NORWICH, Vt. (AP) – The lead author of an article about finches nesting on a Peruvian glacier in a scholarly bird journal is affiliated with the Geosciences Department at the University of Massachusetts, Amherst.

The other’s affiliated with the Marion W. Cross School.

The citation in the quarterly Wilson Journal of Ornithology omits the word “elementary” from the name of the Norwich school.

Nor does it mention that it was the curiosity of 12-year-old Spencer Hardy that led he and his father, Douglas, to recognize the significance of the white-winged diuca finch nesting on the ice of a glacier.

But to the ornithological world, the age of Spencer is irrelevant to the phenomenon he helped document on a high-altitude ice field, in a mountain range he’s never visited, thousands of miles from his Vermont home: It’s the first well documented case in the world of a species other than penguins successfully nesting on ice.

“It gives you some idea of the adaptations that birds have undergone to utilize all spaces, all the niches that are out there, from living in Death Valley to living at 18,000 feet in the Andes in Peru,” said Wilson Journal Editor Clait Braun, of Tucson, Ariz., who published the Hardys’ paper in September.

It wasn’t until Braun was finalizing the paper with the Hardys and he asked for the academic pedigree of Spencer that he found out the boy’s age. “I was pretty well stunned,” said Braun.

“We don’t get very many papers from people like that,” he said. He says most authors are graduate students or even older birders.

The journal itself was founded more than a century ago by young bird enthusiasts, Braun said. But by young, Braun meant men in their late teens and early 20s.

Now, Spencer – who’s been interested in birds since he stared at flocks from his high chair – is 14, a ninth grader at Hanover (N.H.) High School, where he studies traditional high school science and other subjects. The birding is done outside school.

He seems unfazed by the attention his birding skills are bringing him.

“It’s a neat experience. I don’t have anything to compare it against,” Spencer said. “Hopefully, it will be one of many to come.”

His fascination with birds evolved into real-life study. At 6 or 7, he was working with established birders on local bird counts and breeding surveys.

Since he couldn’t drive, his parents had to take him where he needed to go, getting his parents involved, too.

His Dad, a University of Massachusetts research scientist, started visiting the Quelccaya Ice Cap in Peru in 2003 as part of his work to help get a long-term climate history through dust trapped over the centuries in the ice at about 18,000 feet above sea level.

It was Spencer’s fascination with birds that led the elder Hardy to take pictures of every bird he saw in Peru.

After Douglas Hardy came home, Spencer would pore over the photos and use bird books to identify the species.

It was during that process that Douglas Hardy started noticing the nests on the ice. So the Hardys shared their findings with Norwich neighbor George Clark, a retired biologist from the University of Connecticut who has helped groom the young ornithologist.

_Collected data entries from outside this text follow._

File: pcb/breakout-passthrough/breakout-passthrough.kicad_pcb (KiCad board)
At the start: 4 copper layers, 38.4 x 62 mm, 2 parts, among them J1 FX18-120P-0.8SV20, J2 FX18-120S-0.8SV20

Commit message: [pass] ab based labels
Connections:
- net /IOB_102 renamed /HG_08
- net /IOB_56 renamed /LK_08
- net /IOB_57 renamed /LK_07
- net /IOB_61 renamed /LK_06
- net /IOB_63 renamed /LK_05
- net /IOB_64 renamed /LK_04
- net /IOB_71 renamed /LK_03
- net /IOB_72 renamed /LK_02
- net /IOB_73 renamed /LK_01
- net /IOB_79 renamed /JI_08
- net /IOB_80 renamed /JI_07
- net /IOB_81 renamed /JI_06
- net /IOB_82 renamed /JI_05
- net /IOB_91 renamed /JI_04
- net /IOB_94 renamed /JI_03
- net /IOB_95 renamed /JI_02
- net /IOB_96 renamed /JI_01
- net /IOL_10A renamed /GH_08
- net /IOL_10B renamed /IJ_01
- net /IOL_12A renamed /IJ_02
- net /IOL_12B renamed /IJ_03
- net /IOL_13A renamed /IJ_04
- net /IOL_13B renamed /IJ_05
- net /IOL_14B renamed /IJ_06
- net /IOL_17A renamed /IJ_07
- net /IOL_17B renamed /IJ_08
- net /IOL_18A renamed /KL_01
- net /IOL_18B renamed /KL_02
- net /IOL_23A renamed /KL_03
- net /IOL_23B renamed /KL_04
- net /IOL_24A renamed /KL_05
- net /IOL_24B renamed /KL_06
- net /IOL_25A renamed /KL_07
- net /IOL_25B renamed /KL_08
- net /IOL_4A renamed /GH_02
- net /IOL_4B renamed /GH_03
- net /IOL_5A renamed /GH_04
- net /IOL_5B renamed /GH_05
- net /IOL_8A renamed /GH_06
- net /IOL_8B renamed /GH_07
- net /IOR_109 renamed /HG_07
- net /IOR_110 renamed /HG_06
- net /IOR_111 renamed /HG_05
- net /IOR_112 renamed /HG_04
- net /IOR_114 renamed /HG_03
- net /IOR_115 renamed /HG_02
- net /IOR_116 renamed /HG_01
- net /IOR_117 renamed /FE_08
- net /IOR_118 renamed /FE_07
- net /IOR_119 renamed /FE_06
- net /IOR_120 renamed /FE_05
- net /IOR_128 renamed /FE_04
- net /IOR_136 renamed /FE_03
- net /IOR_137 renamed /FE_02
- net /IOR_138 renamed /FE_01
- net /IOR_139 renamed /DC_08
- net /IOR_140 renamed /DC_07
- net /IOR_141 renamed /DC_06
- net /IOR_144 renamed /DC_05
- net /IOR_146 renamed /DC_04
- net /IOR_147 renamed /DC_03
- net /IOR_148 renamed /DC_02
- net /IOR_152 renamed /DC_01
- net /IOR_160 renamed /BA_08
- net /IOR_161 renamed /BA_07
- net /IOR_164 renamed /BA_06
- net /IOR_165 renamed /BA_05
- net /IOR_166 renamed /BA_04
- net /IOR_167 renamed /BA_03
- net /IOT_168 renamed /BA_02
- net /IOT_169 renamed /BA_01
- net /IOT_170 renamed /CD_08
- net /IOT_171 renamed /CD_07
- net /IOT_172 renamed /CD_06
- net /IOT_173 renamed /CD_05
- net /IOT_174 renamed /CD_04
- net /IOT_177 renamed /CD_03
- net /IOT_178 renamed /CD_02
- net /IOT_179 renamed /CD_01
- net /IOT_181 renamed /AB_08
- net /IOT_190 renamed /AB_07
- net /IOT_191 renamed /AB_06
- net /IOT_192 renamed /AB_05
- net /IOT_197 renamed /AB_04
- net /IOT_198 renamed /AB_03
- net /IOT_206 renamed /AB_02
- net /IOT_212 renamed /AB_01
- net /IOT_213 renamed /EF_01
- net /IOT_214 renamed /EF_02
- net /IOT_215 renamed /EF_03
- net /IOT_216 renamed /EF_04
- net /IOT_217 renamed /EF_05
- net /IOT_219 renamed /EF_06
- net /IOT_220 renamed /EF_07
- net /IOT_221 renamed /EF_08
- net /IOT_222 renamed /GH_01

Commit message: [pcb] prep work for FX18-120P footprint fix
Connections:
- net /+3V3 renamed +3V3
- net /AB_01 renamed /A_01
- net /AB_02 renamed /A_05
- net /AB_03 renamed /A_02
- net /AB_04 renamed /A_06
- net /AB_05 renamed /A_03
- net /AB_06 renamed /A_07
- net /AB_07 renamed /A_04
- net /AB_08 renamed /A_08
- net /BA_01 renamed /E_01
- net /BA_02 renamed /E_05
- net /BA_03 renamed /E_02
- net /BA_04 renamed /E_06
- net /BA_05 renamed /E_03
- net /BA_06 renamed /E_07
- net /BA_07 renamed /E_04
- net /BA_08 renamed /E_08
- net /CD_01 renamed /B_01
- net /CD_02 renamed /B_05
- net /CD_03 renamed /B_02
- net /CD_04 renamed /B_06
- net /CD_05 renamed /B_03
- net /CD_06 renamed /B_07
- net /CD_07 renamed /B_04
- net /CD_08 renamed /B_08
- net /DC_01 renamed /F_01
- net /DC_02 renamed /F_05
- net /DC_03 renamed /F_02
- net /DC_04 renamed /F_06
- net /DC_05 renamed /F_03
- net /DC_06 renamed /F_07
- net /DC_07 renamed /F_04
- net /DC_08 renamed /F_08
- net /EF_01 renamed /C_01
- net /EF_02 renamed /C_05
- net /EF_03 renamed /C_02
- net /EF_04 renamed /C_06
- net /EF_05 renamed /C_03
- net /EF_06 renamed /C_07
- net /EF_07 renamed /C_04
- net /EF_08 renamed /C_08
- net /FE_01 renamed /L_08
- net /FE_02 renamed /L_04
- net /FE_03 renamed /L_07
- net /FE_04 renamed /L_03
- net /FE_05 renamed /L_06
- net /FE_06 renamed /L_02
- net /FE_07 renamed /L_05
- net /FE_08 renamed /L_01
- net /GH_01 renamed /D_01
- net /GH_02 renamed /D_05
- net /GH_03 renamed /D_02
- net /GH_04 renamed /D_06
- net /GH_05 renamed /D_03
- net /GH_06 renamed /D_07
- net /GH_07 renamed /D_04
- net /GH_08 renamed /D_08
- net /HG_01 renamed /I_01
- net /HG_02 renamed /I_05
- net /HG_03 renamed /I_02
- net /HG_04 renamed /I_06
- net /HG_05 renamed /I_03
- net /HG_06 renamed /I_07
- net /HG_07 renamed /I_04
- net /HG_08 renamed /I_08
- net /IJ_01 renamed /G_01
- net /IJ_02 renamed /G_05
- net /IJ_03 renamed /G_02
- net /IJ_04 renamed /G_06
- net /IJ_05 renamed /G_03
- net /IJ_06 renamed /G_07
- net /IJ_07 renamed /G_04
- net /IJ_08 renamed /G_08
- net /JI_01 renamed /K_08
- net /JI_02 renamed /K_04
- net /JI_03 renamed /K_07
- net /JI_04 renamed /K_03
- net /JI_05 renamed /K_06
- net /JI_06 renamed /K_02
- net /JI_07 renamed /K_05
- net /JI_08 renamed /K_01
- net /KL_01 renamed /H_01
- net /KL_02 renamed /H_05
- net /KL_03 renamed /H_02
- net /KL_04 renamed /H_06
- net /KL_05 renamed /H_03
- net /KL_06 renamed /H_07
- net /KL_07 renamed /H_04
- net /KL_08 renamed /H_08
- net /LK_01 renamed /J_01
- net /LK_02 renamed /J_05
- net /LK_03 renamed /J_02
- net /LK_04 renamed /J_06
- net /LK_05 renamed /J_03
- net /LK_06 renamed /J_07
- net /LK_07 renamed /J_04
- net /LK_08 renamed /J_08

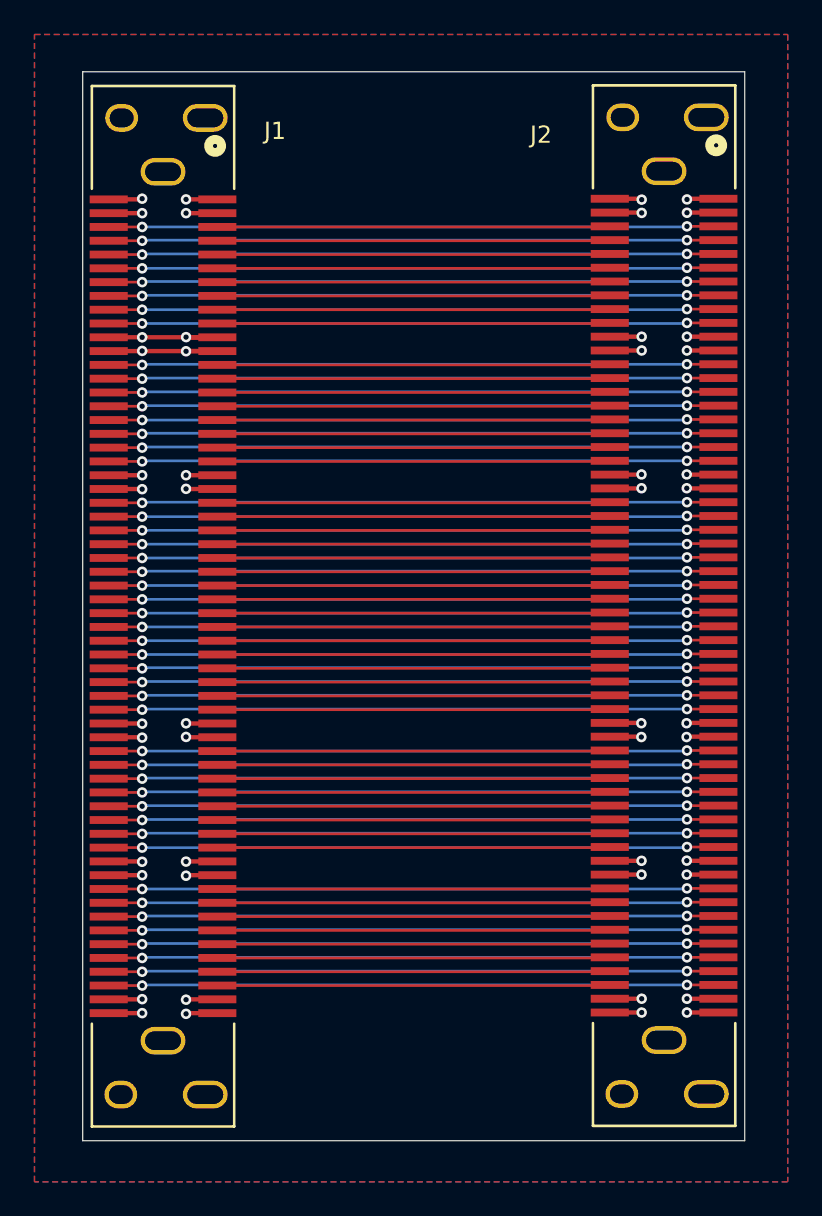
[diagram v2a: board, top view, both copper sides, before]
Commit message: [pcb] add FX18-120P footprint and update pcbs
and a few adc fixes, including a key resistor fix
(the op amp for Y had a copy paste error from X
on the positive Rg)
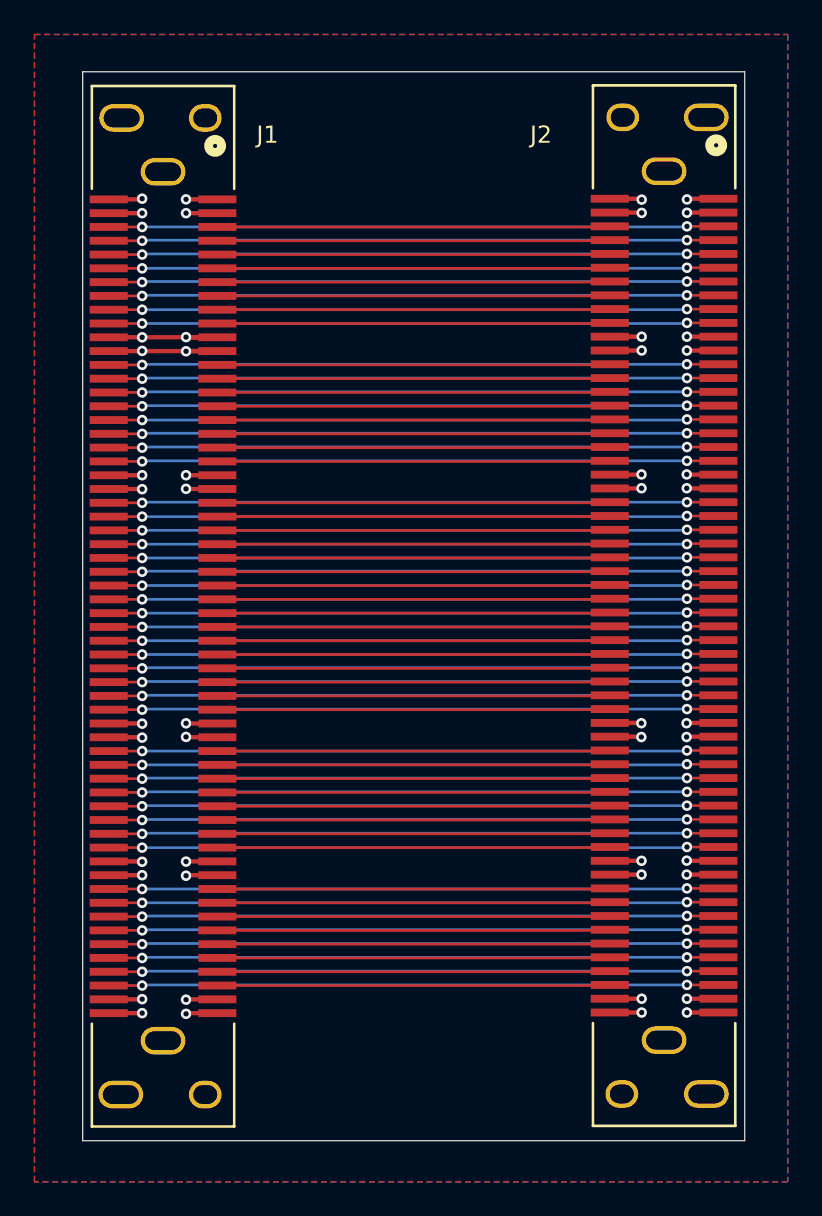
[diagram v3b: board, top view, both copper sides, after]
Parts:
- J1: footprint custom:CUSTOM_FX_120S-0.8SH20 -> custom:CUSTOM_FX_120P-0.8SH20
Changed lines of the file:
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@@
 		)
 	)
-	(footprint "custom:CUSTOM_FX_120S-0.8SH20"
+	(footprint "custom:CUSTOM_FX_120P-0.8SH20"
 		(layer "F.Cu")
 		(at 51.144 85.488 -90)
 		(tags "FX18-120S-0.8SV20 ")
 		(property "Reference" "J1"
-			(at -27.57 -6.489999 0)
+			(at -27.344997 -6.056 0)
 			(unlocked yes)
 			(layer "F.SilkS")
@@
 			)
 		)
-		(property "Footprint" "custom:CUSTOM_FX_120S-0.8SH20"
+		(property "Footprint" "custom:CUSTOM_FX_120P-0.8SH20"
 			(at 0 0 -90)
 			(unlocked yes)
@@
 		)
 		(pad "121" thru_hole oval
-			(at -28.325 2.4)
+			(at -28.325 -2.45)
 			(size 1.908 1.608)
 			(drill oval 1.4 1.1)
@@
 		)
 		(pad "122" thru_hole oval
-			(at -28.325 -2.45)
+			(at -28.325 2.4)
 			(size 2.608001 1.608)
 			(drill oval 2.1 1.1)
@@
 		)
 		(pad "125" thru_hole oval
-			(at 28.325 2.45)
+			(at 28.325 -2.45)
 			(size 1.908 1.608)
 			(drill oval 1.4 1.1)
@@
 		)
 		(pad "126" thru_hole oval
-			(at 28.325 -2.45)
+			(at 28.325 2.45)
 			(size 2.608001 1.608)
 			(drill oval 2.1 1.1)

Then they had to figure out which species made the nests.

“We got it down to two species, mainly from the size (of the nests) and what was around and abundant in the area,” Spencer said.

A feather expert at the Smithsonian Institution made the link to the finches.

“The discovery of this is really kind of a new frontier,” said Clark. “Physically, we think much of the globe has been covered… This is an area that people just haven’t visited.”

Two years ago, Douglas Hardy queried the Wilson Journal about a paper on the ice birds. He didn’t make an effort to list Spencer as a co-author until after he spoke with professional birders, who persuaded him that given Spencer’s level of input, he merited a co-author tag.

“My first step was to go to the editor and say, ‘I want to be totally honest with you, he’s my son, I can’t see objectively about this,”‘ Douglas Hardy said.

But Braun said the science – and Spencer’s contribution to it – was sound.

“It’s just not the casual person who can pick this stuff up and turn it into scientific prose,” Braun said. “Spencer deserves a lot of credit to get his Dad to get more information and then helping his Dad get it turned into a scientific paper.”

When the paper was finalized there was some discussion about which of Spencer’s schools should be listed. They chose the school he attended when the journal first accepted the paper, the Norwich elementary school.

Spencer’s birding is done outside his school, but he says his future, without a doubt, includes the formal study of ornithology.

Meanwhile, he’d like to visit Peru with his father, to see the nests he’s become an expert on.

To do that, he’s going to have to raise his own money to pay the expenses, but that’s part of the world of science that he’s becoming a part of.

Braun said the Hardys’ paper is a building block for additional research.

“There’s more that can be learned. Before you can go further you have to have the basic building blocks,” Braun said. “It presents the basic blocks for other scientists to work on.”